--- Data to use Enclosed Below ---
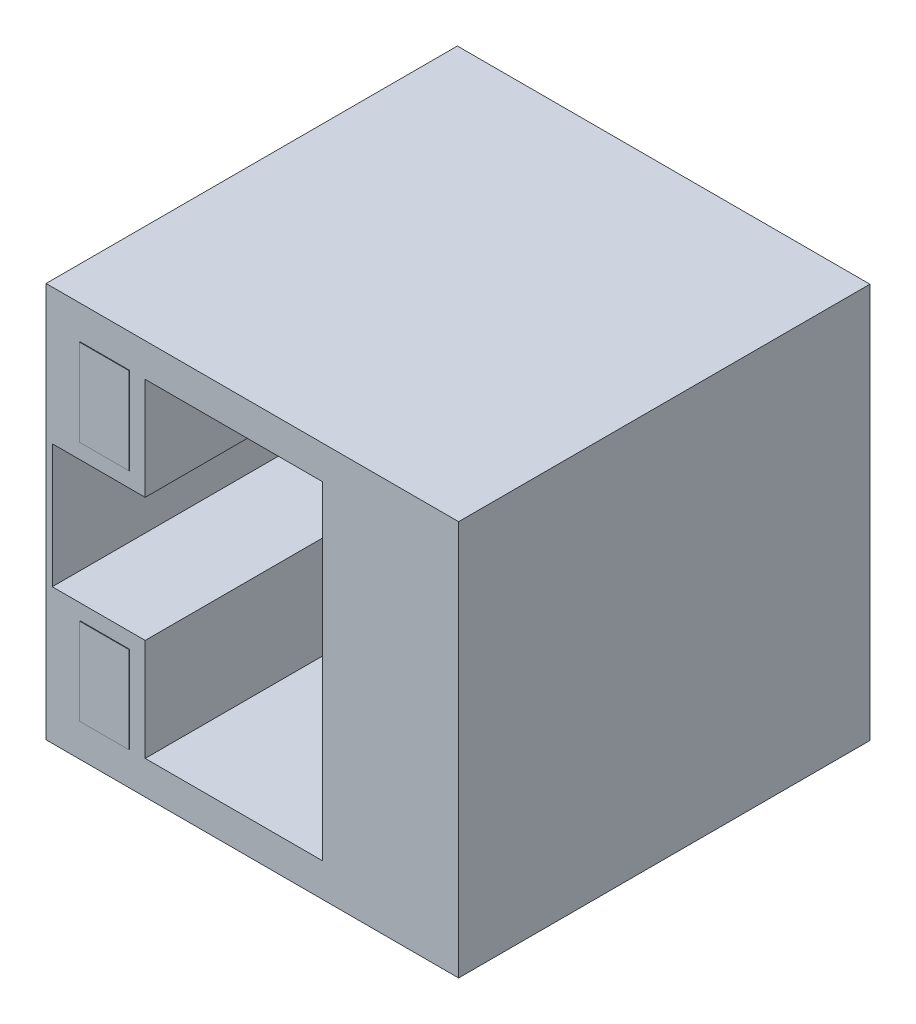
ISO-10303-21;
HEADER;
FILE_DESCRIPTION(('STEP AP214'),'2;1');
FILE_NAME('part.step','',(''),(''),'','','');
FILE_SCHEMA(('AUTOMOTIVE_DESIGN { 1 0 10303 214 1 1 1 1 }'));
ENDSEC;
DATA;
#1=APPLICATION_CONTEXT('core data for automotive mechanical design processes');
#2=APPLICATION_PROTOCOL_DEFINITION('international standard','automotive_design',2000,#1);
#3=PRODUCT_CONTEXT('',#1,'mechanical');
#4=PRODUCT('Part','Part','',(#3));
#5=PRODUCT_RELATED_PRODUCT_CATEGORY('part','',(#4));
#6=PRODUCT_DEFINITION_FORMATION('','',#4);
#7=PRODUCT_DEFINITION_CONTEXT('part definition',#1,'design');
#8=PRODUCT_DEFINITION('design','',#6,#7);
#9=PRODUCT_DEFINITION_SHAPE('','',#8);
#10=(LENGTH_UNIT() NAMED_UNIT(*) SI_UNIT(.MILLI.,.METRE.));
#11=(NAMED_UNIT(*) PLANE_ANGLE_UNIT() SI_UNIT($,.RADIAN.));
#12=(NAMED_UNIT(*) SI_UNIT($,.STERADIAN.) SOLID_ANGLE_UNIT());
#13=UNCERTAINTY_MEASURE_WITH_UNIT(LENGTH_MEASURE(1.E-05),#10,'distance_accuracy_value','');
#14=(GEOMETRIC_REPRESENTATION_CONTEXT(3) GLOBAL_UNCERTAINTY_ASSIGNED_CONTEXT((#13)) GLOBAL_UNIT_ASSIGNED_CONTEXT((#10,
#11,#12)) REPRESENTATION_CONTEXT('',''));
#15=CARTESIAN_POINT('',(0.,0.,0.));
#16=DIRECTION('',(0.,0.,1.));
#17=DIRECTION('',(1.,0.,0.));
#18=AXIS2_PLACEMENT_3D('',#15,#16,#17);
#19=CARTESIAN_POINT('',(-7.0612,-6.731,8.4582));
#20=DIRECTION('',(0.,0.,1.));
#21=DIRECTION('',(1.,0.,0.));
#22=AXIS2_PLACEMENT_3D('',#19,#20,#21);
#23=PLANE('',#22);
#24=DIRECTION('',(0.,1.,0.));
#25=VECTOR('',#24,1.);
#26=CARTESIAN_POINT('',(-7.0612,-4.953,8.4582));
#27=LINE('',#26,#25);
#28=CARTESIAN_POINT('',(-7.0612,-6.731,8.4582));
#29=VERTEX_POINT('',#28);
#30=CARTESIAN_POINT('',(-7.0612,-3.175,8.4582));
#31=VERTEX_POINT('',#30);
#32=EDGE_CURVE('E152',#29,#31,#27,.T.);
#33=ORIENTED_EDGE('',*,*,#32,.F.);
#34=DIRECTION('',(-1.,0.,0.));
#35=VECTOR('',#34,1.);
#36=CARTESIAN_POINT('',(-6.0452,-6.731,8.4582));
#37=LINE('',#36,#35);
#38=CARTESIAN_POINT('',(-5.0292,-6.731,8.4582));
#39=VERTEX_POINT('',#38);
#40=EDGE_CURVE('E154',#39,#29,#37,.T.);
#41=ORIENTED_EDGE('',*,*,#40,.F.);
#42=DIRECTION('',(0.,-1.,0.));
#43=VECTOR('',#42,1.);
#44=CARTESIAN_POINT('',(-5.0292,-4.953,8.4582));
#45=LINE('',#44,#43);
#46=CARTESIAN_POINT('',(-5.0292,-3.175,8.4582));
#47=VERTEX_POINT('',#46);
#48=EDGE_CURVE('E21',#47,#39,#45,.T.);
#49=ORIENTED_EDGE('',*,*,#48,.F.);
#50=DIRECTION('',(1.,0.,0.));
#51=VECTOR('',#50,1.);
#52=CARTESIAN_POINT('',(-6.0452,-3.175,8.4582));
#53=LINE('',#52,#51);
#54=EDGE_CURVE('E176',#31,#47,#53,.T.);
#55=ORIENTED_EDGE('',*,*,#54,.F.);
#56=EDGE_LOOP('',(#33,#41,#49,#55));
#57=FACE_BOUND('',#56,.T.);
#58=ADVANCED_FACE('F17',(#57),#23,.T.);
#59=CARTESIAN_POINT('',(-6.0452,4.953,8.4582));
#60=DIRECTION('',(0.,0.,1.));
#61=DIRECTION('',(1.,0.,0.));
#62=AXIS2_PLACEMENT_3D('',#59,#60,#61);
#63=PLANE('',#62);
#64=DIRECTION('',(0.,1.,0.));
#65=VECTOR('',#64,1.);
#66=CARTESIAN_POINT('',(-7.0612,3.175,8.4582));
#67=LINE('',#66,#65);
#68=CARTESIAN_POINT('',(-7.0612,3.175,8.4582));
#69=VERTEX_POINT('',#68);
#70=CARTESIAN_POINT('',(-7.0612,6.731,8.4582));
#71=VERTEX_POINT('',#70);
#72=EDGE_CURVE('E191',#69,#71,#67,.T.);
#73=ORIENTED_EDGE('',*,*,#72,.F.);
#74=DIRECTION('',(1.,0.,0.));
#75=VECTOR('',#74,1.);
#76=CARTESIAN_POINT('',(-5.0292,3.175,8.4582));
#77=LINE('',#76,#75);
#78=CARTESIAN_POINT('',(-5.0292,3.175,8.4582));
#79=VERTEX_POINT('',#78);
#80=EDGE_CURVE('E185',#79,#69,#77,.F.);
#81=ORIENTED_EDGE('',*,*,#80,.F.);
#82=DIRECTION('',(0.,1.,0.));
#83=VECTOR('',#82,1.);
#84=CARTESIAN_POINT('',(-5.0292,6.731,8.4582));
#85=LINE('',#84,#83);
#86=CARTESIAN_POINT('',(-5.0292,6.731,8.4582));
#87=VERTEX_POINT('',#86);
#88=EDGE_CURVE('E182',#87,#79,#85,.F.);
#89=ORIENTED_EDGE('',*,*,#88,.F.);
#90=DIRECTION('',(1.,0.,0.));
#91=VECTOR('',#90,1.);
#92=CARTESIAN_POINT('',(-7.0612,6.731,8.4582));
#93=LINE('',#92,#91);
#94=EDGE_CURVE('E197',#71,#87,#93,.T.);
#95=ORIENTED_EDGE('',*,*,#94,.F.);
#96=EDGE_LOOP('',(#73,#81,#89,#95));
#97=FACE_BOUND('',#96,.T.);
#98=ADVANCED_FACE('F504',(#97),#63,.T.);
#99=CARTESIAN_POINT('',(-2.01622360248448,0.,-1.7272));
#100=DIRECTION('',(0.,0.,1.));
#101=DIRECTION('',(1.,0.,0.));
#102=AXIS2_PLACEMENT_3D('',#99,#100,#101);
#103=PLANE('',#102);
#104=DIRECTION('',(1.,0.,0.));
#105=VECTOR('',#104,1.);
#106=CARTESIAN_POINT('',(-4.3942,2.54,-1.7272));
#107=LINE('',#106,#105);
#108=CARTESIAN_POINT('',(-4.3942,2.54,-1.7272));
#109=VERTEX_POINT('',#108);
#110=CARTESIAN_POINT('',(-8.2042,2.54,-1.7272));
#111=VERTEX_POINT('',#110);
#112=EDGE_CURVE('E215',#109,#111,#107,.F.);
#113=ORIENTED_EDGE('',*,*,#112,.T.);
#114=DIRECTION('',(0.,1.,0.));
#115=VECTOR('',#114,1.);
#116=CARTESIAN_POINT('',(-8.2042,2.54,-1.7272));
#117=LINE('',#116,#115);
#118=CARTESIAN_POINT('',(-8.2042,-2.54,-1.7272));
#119=VERTEX_POINT('',#118);
#120=EDGE_CURVE('E210',#111,#119,#117,.F.);
#121=ORIENTED_EDGE('',*,*,#120,.T.);
#122=DIRECTION('',(1.,0.,0.));
#123=VECTOR('',#122,1.);
#124=CARTESIAN_POINT('',(-8.2042,-2.54,-1.7272));
#125=LINE('',#124,#123);
#126=CARTESIAN_POINT('',(-4.3942,-2.54,-1.7272));
#127=VERTEX_POINT('',#126);
#128=EDGE_CURVE('E206',#119,#127,#125,.T.);
#129=ORIENTED_EDGE('',*,*,#128,.T.);
#130=DIRECTION('',(0.,1.,0.));
#131=VECTOR('',#130,1.);
#132=CARTESIAN_POINT('',(-4.3942,-2.54,-1.7272));
#133=LINE('',#132,#131);
#134=CARTESIAN_POINT('',(-4.3942,-6.731,-1.7272));
#135=VERTEX_POINT('',#134);
#136=EDGE_CURVE('E243',#127,#135,#133,.F.);
#137=ORIENTED_EDGE('',*,*,#136,.T.);
#138=DIRECTION('',(1.,0.,0.));
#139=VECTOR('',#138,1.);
--- End of Enclosed Data to use ---
> [Exercise instructions]
Print again the lines of the entries above that fall between the line holding "#82=DIRECTION('',(0.,1.,0.));" and the line holding "#89=ORIENTED_EDGE('',*,*,#88,.F.);", inclusive, exactly as they stand.

> [Your response]
#82=DIRECTION('',(0.,1.,0.));
#83=VECTOR('',#82,1.);
#84=CARTESIAN_POINT('',(-5.0292,6.731,8.4582));
#85=LINE('',#84,#83);
#86=CARTESIAN_POINT('',(-5.0292,6.731,8.4582));
#87=VERTEX_POINT('',#86);
#88=EDGE_CURVE('E182',#87,#79,#85,.F.);
#89=ORIENTED_EDGE('',*,*,#88,.F.);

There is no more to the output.